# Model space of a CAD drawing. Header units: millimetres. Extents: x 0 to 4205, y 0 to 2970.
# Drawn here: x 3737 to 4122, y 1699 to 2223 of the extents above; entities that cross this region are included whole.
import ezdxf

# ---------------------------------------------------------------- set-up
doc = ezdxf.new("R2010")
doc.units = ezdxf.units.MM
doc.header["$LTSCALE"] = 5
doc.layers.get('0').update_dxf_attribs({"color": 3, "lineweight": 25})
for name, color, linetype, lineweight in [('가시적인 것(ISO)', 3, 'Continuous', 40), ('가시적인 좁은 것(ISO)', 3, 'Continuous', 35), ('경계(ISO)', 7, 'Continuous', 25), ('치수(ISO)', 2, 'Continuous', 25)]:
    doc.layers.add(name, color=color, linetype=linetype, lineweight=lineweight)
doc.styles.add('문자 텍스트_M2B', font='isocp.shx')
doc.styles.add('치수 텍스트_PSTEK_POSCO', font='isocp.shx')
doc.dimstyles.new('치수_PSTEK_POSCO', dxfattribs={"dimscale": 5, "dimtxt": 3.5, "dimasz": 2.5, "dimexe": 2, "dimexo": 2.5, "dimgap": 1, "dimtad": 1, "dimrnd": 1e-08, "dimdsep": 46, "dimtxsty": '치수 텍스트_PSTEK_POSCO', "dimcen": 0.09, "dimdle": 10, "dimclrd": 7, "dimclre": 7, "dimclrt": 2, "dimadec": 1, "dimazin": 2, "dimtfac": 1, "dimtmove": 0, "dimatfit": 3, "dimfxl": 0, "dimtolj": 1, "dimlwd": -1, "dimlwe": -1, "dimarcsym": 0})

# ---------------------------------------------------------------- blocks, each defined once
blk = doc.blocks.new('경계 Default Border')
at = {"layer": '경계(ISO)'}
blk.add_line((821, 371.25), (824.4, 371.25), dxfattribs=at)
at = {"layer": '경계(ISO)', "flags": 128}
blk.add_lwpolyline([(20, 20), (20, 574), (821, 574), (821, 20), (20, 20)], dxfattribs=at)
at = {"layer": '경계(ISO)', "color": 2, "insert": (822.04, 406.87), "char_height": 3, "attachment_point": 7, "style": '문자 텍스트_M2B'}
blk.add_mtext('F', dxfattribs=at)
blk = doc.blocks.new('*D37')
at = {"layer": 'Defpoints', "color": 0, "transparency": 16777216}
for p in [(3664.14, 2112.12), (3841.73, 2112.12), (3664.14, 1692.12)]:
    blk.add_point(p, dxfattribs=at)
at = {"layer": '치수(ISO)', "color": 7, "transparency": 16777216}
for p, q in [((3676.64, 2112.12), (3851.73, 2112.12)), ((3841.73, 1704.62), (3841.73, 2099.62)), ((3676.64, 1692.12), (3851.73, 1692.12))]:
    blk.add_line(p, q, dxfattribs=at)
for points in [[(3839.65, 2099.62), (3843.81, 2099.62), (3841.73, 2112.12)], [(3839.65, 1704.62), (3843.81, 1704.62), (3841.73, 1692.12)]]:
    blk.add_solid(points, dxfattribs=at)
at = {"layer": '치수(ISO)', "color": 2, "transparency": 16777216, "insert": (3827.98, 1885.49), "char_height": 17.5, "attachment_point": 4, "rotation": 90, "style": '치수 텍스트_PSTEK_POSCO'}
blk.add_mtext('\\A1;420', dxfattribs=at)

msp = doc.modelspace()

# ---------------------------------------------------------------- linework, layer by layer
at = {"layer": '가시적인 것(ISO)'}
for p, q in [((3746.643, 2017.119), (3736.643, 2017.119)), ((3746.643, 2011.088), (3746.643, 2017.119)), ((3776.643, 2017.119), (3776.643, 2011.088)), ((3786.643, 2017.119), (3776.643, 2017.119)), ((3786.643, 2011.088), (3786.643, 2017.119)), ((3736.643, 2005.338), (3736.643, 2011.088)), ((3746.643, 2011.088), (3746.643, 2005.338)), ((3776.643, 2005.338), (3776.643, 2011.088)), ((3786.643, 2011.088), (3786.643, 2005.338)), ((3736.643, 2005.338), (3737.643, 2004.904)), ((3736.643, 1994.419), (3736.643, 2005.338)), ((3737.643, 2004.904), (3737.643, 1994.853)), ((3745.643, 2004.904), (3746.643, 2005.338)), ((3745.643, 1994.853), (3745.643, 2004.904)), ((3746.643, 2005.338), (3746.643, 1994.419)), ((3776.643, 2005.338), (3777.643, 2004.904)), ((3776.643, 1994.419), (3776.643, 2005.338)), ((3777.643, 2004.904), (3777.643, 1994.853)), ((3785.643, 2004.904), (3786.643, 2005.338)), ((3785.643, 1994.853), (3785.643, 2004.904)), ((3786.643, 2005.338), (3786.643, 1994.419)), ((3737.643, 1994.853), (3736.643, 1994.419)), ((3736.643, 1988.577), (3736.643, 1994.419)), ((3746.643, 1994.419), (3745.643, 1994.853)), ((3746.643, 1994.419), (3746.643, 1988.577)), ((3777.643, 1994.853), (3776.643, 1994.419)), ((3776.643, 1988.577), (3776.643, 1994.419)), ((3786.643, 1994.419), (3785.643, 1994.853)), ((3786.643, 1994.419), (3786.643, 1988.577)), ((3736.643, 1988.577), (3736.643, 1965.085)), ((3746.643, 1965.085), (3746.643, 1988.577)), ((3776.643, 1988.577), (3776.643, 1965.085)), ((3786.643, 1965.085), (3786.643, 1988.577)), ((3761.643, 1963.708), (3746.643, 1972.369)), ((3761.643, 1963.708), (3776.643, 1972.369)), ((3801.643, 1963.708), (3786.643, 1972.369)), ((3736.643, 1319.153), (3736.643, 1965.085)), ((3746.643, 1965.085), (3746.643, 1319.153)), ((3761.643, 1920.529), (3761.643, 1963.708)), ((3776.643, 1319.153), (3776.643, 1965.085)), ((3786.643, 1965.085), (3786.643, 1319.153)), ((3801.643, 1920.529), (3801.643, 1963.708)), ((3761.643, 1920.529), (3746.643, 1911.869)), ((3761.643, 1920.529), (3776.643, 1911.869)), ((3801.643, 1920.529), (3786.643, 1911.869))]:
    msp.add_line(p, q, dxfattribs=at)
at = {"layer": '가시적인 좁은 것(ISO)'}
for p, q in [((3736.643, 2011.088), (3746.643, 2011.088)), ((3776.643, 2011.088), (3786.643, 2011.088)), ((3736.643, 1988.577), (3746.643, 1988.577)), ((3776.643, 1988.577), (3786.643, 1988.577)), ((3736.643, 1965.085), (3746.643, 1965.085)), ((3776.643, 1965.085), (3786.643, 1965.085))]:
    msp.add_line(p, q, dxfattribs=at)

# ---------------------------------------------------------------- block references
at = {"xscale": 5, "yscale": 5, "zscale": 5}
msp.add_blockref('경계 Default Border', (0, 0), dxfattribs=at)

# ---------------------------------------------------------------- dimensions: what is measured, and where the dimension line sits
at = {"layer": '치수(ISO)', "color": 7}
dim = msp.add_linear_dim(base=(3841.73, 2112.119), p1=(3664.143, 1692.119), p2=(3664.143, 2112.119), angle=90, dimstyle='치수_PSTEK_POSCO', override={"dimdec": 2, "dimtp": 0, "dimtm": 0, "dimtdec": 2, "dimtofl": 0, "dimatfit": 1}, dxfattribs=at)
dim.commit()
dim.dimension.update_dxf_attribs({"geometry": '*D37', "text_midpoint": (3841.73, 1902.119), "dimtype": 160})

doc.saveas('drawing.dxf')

+-------+

### How to complete this task
Look for the string "Border" in the data above and return every line that has it.

### Response to the task
blk = doc.blocks.new('경계 Default Border')
msp.add_blockref('경계 Default Border', (0, 0), dxfattribs=at)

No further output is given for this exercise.